Data for this exercise Block Start
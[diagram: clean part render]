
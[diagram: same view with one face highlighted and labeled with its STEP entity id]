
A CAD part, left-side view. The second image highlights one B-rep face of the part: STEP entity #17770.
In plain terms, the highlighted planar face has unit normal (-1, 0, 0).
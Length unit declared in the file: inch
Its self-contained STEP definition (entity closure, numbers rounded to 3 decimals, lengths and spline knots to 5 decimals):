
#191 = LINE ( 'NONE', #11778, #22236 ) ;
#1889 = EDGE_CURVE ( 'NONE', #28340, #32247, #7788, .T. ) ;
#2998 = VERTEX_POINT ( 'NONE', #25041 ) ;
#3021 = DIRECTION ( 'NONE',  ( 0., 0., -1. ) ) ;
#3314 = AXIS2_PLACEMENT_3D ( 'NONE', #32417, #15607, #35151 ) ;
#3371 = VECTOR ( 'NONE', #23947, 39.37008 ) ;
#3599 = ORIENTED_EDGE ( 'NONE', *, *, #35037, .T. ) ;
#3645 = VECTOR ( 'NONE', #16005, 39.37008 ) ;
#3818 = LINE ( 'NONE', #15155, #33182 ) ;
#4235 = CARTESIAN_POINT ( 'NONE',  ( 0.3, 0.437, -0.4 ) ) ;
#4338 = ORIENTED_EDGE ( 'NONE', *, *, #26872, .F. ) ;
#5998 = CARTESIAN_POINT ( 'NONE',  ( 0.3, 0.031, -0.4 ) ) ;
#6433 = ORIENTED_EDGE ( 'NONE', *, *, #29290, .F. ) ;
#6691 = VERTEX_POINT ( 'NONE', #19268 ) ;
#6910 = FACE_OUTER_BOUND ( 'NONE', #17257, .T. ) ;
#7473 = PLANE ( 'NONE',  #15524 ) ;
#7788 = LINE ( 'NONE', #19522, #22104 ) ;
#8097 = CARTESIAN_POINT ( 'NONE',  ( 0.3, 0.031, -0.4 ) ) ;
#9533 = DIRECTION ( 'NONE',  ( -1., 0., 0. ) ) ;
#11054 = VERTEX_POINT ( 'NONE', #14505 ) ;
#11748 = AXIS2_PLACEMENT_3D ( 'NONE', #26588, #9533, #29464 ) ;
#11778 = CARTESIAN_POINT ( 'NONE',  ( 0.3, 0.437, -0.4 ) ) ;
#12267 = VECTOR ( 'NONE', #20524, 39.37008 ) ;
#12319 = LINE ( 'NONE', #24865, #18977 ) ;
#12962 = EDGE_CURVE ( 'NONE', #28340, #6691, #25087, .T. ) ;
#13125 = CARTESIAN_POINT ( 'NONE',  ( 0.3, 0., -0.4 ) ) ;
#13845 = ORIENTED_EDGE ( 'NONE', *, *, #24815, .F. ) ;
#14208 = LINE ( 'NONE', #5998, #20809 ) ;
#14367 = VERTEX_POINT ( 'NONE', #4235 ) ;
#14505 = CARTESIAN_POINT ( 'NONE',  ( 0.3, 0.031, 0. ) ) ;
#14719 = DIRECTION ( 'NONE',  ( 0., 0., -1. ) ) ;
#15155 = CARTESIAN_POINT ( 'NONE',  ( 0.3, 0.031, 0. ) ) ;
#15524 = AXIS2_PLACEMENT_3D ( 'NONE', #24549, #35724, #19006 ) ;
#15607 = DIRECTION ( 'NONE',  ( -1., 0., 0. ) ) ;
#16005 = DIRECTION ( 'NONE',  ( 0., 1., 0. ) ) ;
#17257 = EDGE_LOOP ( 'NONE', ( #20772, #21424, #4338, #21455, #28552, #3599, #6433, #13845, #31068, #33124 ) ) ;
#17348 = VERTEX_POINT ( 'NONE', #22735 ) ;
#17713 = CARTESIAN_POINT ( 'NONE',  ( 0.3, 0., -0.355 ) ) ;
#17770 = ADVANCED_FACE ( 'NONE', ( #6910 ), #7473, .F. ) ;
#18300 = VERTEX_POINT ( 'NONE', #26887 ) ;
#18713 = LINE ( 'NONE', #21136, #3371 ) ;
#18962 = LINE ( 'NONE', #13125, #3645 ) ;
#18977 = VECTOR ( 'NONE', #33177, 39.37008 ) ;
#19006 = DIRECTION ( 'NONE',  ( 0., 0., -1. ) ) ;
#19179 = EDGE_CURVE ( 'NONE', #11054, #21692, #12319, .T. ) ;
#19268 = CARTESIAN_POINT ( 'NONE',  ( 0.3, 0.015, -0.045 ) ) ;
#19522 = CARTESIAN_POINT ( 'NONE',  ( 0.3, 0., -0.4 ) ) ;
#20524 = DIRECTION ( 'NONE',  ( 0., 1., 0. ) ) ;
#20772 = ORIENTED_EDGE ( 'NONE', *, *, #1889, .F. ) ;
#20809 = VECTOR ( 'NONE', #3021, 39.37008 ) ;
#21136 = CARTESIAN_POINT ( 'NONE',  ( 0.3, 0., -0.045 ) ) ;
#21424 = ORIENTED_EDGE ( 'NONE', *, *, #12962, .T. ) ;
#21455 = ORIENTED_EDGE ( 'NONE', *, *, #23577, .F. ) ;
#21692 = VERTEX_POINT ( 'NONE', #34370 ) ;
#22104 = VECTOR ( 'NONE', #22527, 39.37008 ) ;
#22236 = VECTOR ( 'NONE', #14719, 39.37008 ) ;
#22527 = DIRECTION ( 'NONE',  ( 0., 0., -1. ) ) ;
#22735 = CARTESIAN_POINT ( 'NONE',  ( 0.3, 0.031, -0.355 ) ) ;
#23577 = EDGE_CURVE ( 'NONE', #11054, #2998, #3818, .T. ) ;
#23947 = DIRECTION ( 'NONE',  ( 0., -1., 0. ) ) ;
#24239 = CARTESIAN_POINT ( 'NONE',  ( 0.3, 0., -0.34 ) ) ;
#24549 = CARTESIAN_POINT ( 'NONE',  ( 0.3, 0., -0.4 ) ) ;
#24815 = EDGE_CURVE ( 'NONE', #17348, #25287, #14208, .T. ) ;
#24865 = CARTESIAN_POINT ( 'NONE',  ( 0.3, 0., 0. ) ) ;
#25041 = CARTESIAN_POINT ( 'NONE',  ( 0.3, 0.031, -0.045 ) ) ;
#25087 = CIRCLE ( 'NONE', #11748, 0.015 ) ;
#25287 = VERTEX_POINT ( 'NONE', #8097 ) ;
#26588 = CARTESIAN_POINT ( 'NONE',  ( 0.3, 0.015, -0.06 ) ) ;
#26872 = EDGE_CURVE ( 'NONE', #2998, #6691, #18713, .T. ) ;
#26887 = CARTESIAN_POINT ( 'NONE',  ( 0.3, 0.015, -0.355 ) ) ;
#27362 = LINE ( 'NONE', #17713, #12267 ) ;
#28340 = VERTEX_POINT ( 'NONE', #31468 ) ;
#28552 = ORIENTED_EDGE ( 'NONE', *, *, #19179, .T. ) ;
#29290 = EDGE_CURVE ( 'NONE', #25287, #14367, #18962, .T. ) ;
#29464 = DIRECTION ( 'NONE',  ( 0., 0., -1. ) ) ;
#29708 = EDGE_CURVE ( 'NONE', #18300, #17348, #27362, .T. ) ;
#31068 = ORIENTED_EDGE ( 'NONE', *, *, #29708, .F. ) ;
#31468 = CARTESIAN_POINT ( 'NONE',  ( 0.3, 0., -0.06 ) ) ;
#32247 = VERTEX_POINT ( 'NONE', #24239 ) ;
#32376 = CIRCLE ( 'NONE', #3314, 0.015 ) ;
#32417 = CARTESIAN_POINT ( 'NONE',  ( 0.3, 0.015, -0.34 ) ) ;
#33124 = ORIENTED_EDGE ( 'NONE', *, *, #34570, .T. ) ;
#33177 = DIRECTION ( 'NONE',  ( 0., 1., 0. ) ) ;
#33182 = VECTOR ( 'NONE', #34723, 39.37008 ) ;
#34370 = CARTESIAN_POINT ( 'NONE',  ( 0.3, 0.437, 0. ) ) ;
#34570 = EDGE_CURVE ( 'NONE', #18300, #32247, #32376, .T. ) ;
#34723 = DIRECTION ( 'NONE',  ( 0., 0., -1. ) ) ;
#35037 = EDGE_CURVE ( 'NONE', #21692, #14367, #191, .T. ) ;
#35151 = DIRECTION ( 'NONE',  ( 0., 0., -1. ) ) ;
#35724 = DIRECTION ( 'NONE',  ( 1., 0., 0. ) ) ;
Data for this exercise Block End
### Task instructions
Once you find the line with "#25087 = CIRCLE ( 'NONE', #11748, 0.015 ) ;" above, print it and every line after it up to and including the line with "#31068 = ORIENTED_EDGE", exactly as written and nothing else.

### Result of this exercise
#25087 = CIRCLE ( 'NONE', #11748, 0.015 ) ;
#25287 = VERTEX_POINT ( 'NONE', #8097 ) ;
#26588 = CARTESIAN_POINT ( 'NONE',  ( 0.3, 0.015, -0.06 ) ) ;
#26872 = EDGE_CURVE ( 'NONE', #2998, #6691, #18713, .T. ) ;
#26887 = CARTESIAN_POINT ( 'NONE',  ( 0.3, 0.015, -0.355 ) ) ;
#27362 = LINE ( 'NONE', #17713, #12267 ) ;
#28340 = VERTEX_POINT ( 'NONE', #31468 ) ;
#28552 = ORIENTED_EDGE ( 'NONE', *, *, #19179, .T. ) ;
#29290 = EDGE_CURVE ( 'NONE', #25287, #14367, #18962, .T. ) ;
#29464 = DIRECTION ( 'NONE',  ( 0., 0., -1. ) ) ;
#29708 = EDGE_CURVE ( 'NONE', #18300, #17348, #27362, .T. ) ;
#31068 = ORIENTED_EDGE ( 'NONE', *, *, #29708, .F. ) ;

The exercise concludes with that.